Beyond Self-attention: External Attention using Two Linear Layers for Visual Tasks

Related Works:

1. The attention mechanism in visual tasks 

• The attention mechanism can be viewed as a mechanism for reallocating resources according to the importance of activation. It plays an important role in the human visual system. There has been vigorous development of this field in the last decade [3], [13], [14], [15], [16], [17], [18]. Hu et al. proposed SENet [15], showing that the attention mechanism can reduce noise and improve classification performance. Subsequently, many other papers have applied it to visual tasks. Wang et al. presented non-local networks [3] for video understanding, Hu et al. [19] used attention in object detection, Fu et al. proposed DANet [4] for semantic segmentation, Zhang et al. [11] demonstrated the effectiveness of the attention mechanism in image generation, and Xie et al. proposed A-SCN [20] for point cloud processing. 

2. Self-attention in visual tasks 

   • Self-attention is a special case of attention, and many papers [3], [4], [11], [17], [21], have considered the self-attention mechanism for vision. The core idea of self-attention is calculating the affinity between features to capture longrange dependencies. However, as the size of the feature map increases, the computing and memory overheads increase quadratically. To reduce computational and memory costs, Huang et al. [5] proposed criss-cross attention, which considers row attention and column attention in turn to capture the global context. Li et al. [6] adopted expectation maximization (EM) clustering to optimize self-attention. Yuan et al. [7] proposed use of object-contextual vectors to process attention; however, it depends on semantic labels. Geng et al. [8] show that matrix decomposition is a better way to model the global context in semantic segmentation and image generation. Other works [22], [23] also explore extracting local information by using the self-attention mechanism. Unlike self-attention which obtains an attention map by computing affinities between self queries and self keys, our external attention computes the relation between self queries and a much smaller learnable key memory, which captures the global context of the dataset. External attention does not rely on semantic information and can be optimized by the back-propagation algorithm in an end-to-end way instead of requiring an iterative algorithm. 

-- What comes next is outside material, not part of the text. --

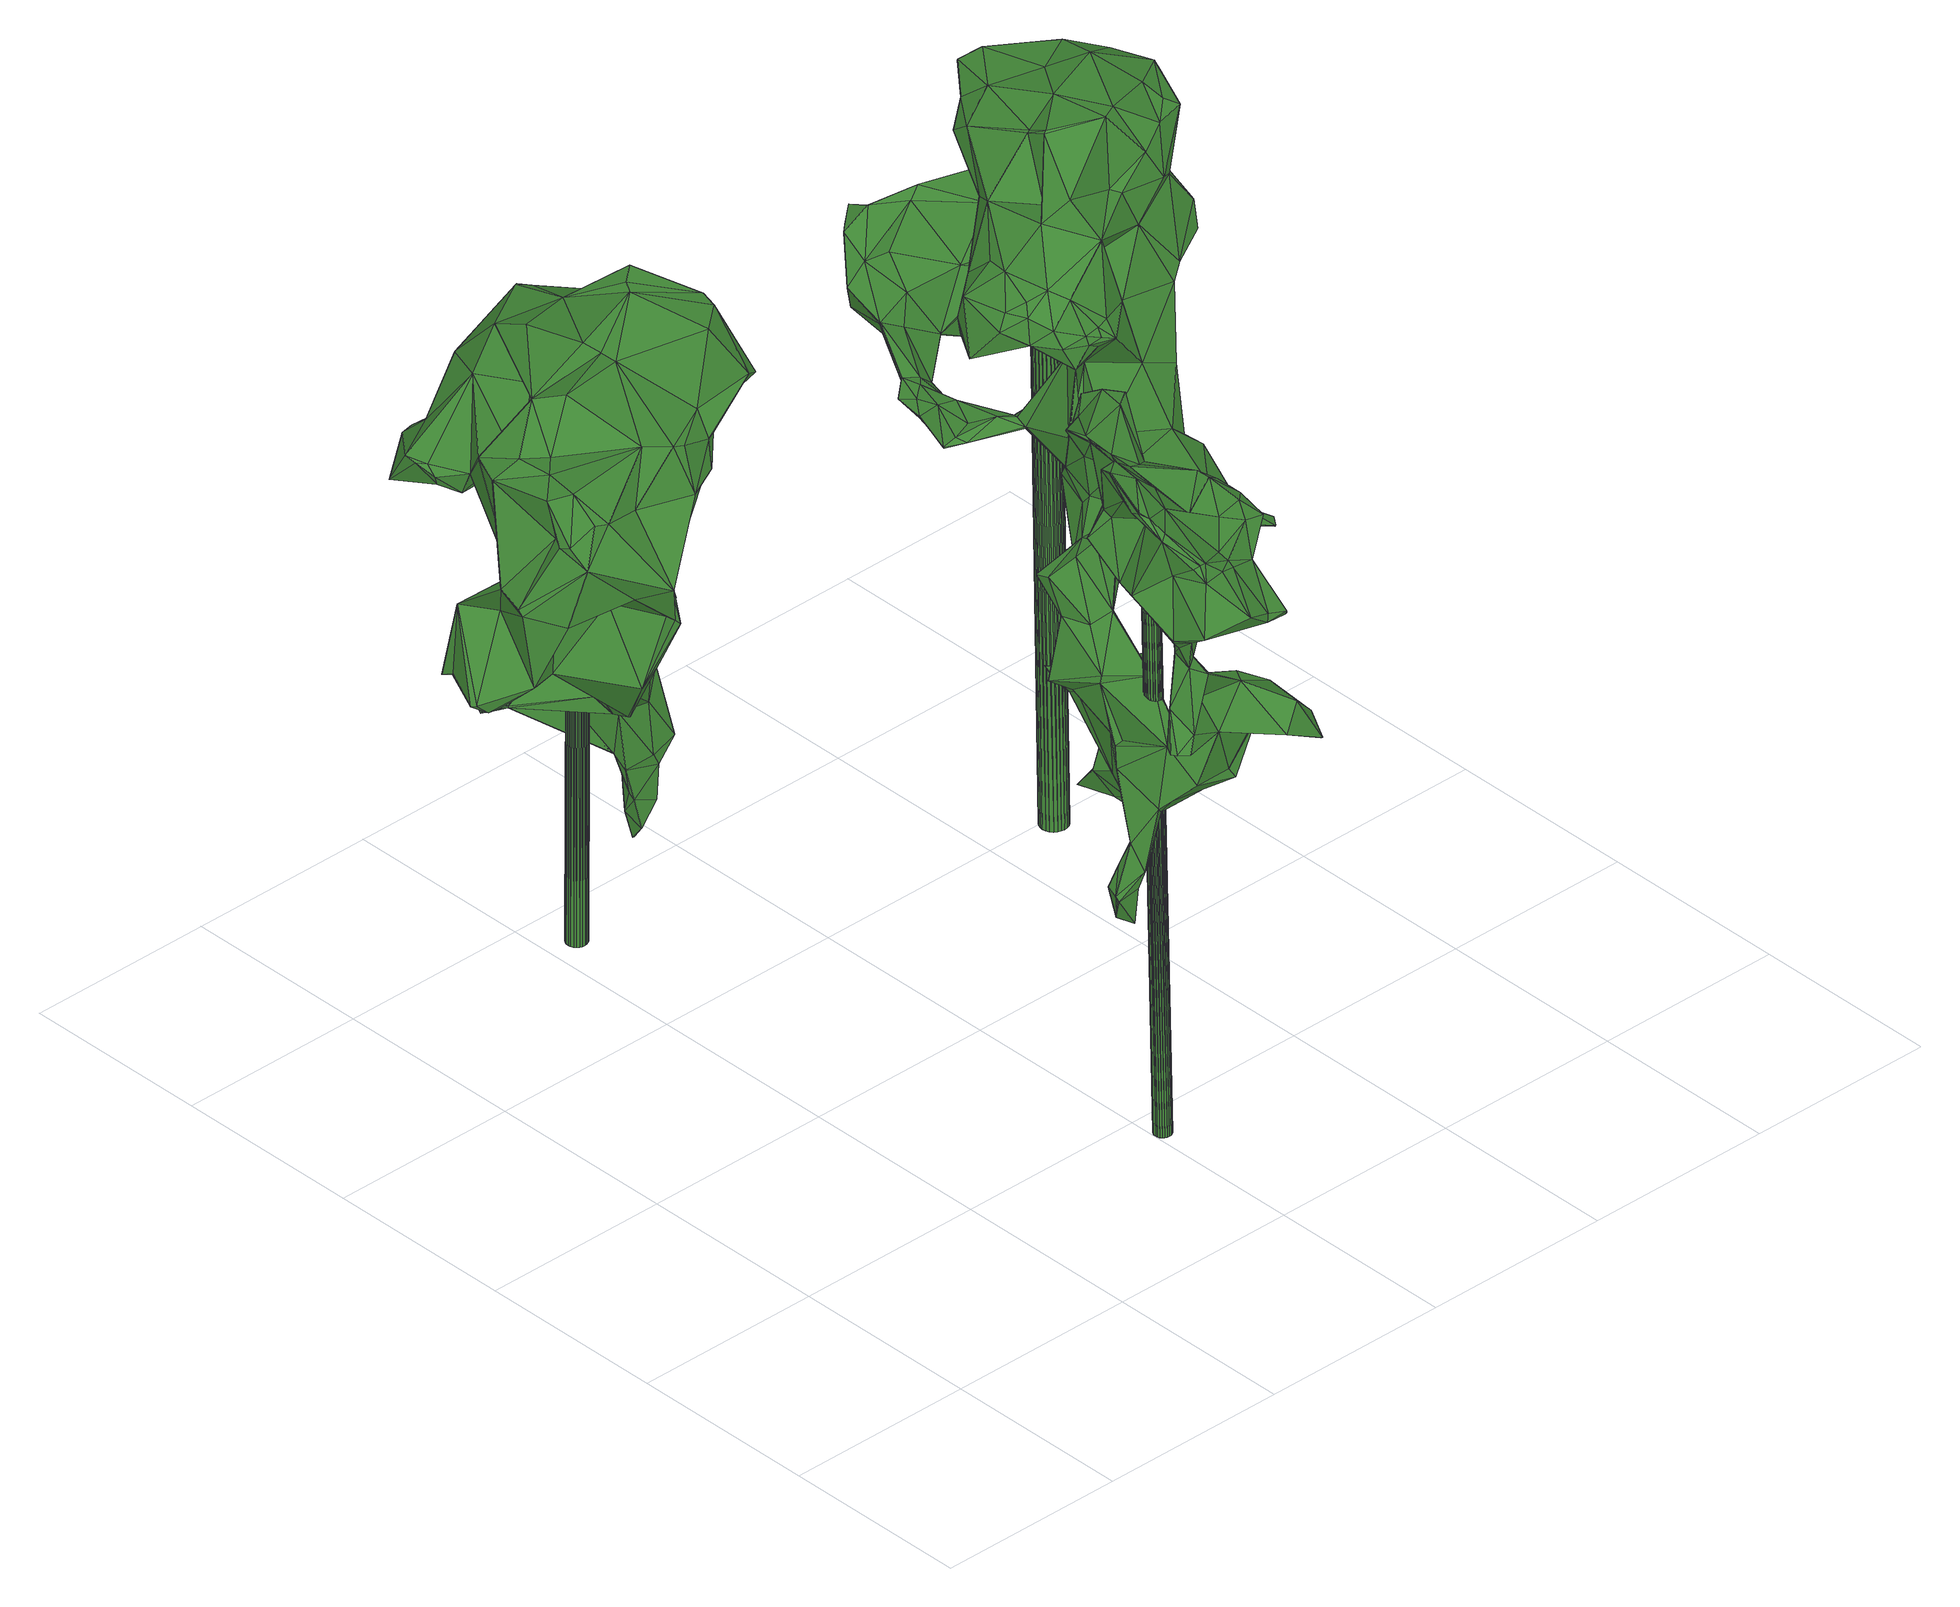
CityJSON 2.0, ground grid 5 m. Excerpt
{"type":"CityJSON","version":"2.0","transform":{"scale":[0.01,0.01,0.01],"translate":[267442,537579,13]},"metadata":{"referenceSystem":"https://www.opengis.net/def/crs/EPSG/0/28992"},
"CityObjects":{
"tree1":{"type":"SolitaryVegetationObject","attributes":{"gtid":153,"crown_width_m":8.1,"crown_median_z":24.29,"crown_r50_m":0.426,"crown_porosity":0.899,"trunk_H_m":11.09,"trunk_DBH_m":0.538,"trunk_radius_m":0.269,"trunk_base_height_m":13.2,"original_gtid":"169"},"geometry":[{"type":"Solid","lod":"3","boundaries":[[[[0,1,2]],[[1,3,2]],[[4,5,6]],[[7,8,9]],[[10,11,12]],[[12,11,13]],[[14,15,16]],[[17,18,19]],[[20,8,7]],[[0,2,21]],[[0,21,1]],[[22,23,24]],[[25,26,27]],[[28,29,30]],[[31,32,33]],[[34,35,36]],[[37,35,34]],[[38,39,15]],[[22,40,37]],[[41,40,42]],[[43,40,41]],[[9,8,44]],[[45,46,47]],[[48,49,50]],[[51,52,53]],[[54,55,56]],[[57,58,12]],[[59,60,61]],[[62,63,64]],[[65,66,67]],[[39,68,69]],[[39,69,16]],[[70,11,10]],[[9,71,49]],[[7,18,20]],[[33,72,31]],[[33,47,72]],[[20,44,8]],[[50,36,73]],[[50,74,36]],[[43,41,75]],[[41,76,75]],[[33,32,45]],[[74,34,36]],[[14,77,78]],[[79,80,81]],[[82,51,53]],[[82,53,83]],[[84,85,86]],[[54,56,87]],[[88,89,90]],[[91,92,93]],[[71,94,95]],[[96,5,4]],[[69,68,97]],[[68,98,97]],[[9,49,7]],[[25,99,58]],[[57,25,58]],[[98,100,101]],[[1,80,79]],[[16,102,95]],[[73,36,35]],[[103,104,105]],[[105,104,106]],[[107,108,104]],[[76,17,75]],[[77,14,109]],[[110,111,23]],[[16,95,14]],[[38,112,113]],[[114,12,115]],[[116,3,117]],[[22,24,42]],[[24,107,42]],[[118,119,120]],[[121,122,123]],[[124,125,126]],[[43,75,17]],[[28,30,127]],[[128,129,25]],[[130,129,131]],[[128,131,129]],[[132,62,133]],[[134,126,135]],[[136,124,137]],[[138,92,101]],[[139,27,26]],[[140,141,20]],[[44,20,141]],[[99,91,58]],[[6,142,64]],[[5,142,6]],[[117,63,116]],[[64,63,117]],[[96,31,5]],[[31,72,5]],[[32,31,96]],[[45,32,96]],[[143,144,51]],[[145,146,147]],[[145,135,146]],[[148,149,150]],[[150,149,151]],[[111,148,152]],[[153,59,61]],[[29,65,30]],[[154,155,156]],[[98,157,97]],[[23,22,90]],[[22,88,90]],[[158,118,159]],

3. Transformer in visual tasks 

   • Transformer-based models have had great success in natural language processing [1], [2], [16], [24], [25], [26], [27]. Recently, they have also demonstrated huge potential for visual tasks. Carion et al. [28] presented an end-to-end detection transformer that takes CNN features as input and generates bounding boxes with a transformer. Dosovitskiy [18] proposed ViT, based on patch encoding and a transformer, showing that with sufficient training data, a transformer provides better performance than a traditional CNN. Chen et al. [29] proposed iGPT for image generation based on use of a transformer. Subsequently, transformer methods have been successfully applied to many visual tasks, including image classification [12], [30], [31], [32], object detection [33], lowerlevel vision [34], semantic segmentation [35], tracking [36], video instance segmentation [37], image generation [38], multimodal learning [39], object re-identification [40], image captioning [41], point cloud learning [42] and self-supervised learning [43]. Readers are referred to recent surveys [44], [45] for a more comprehensive review of the use of transformer methods for visual tasks.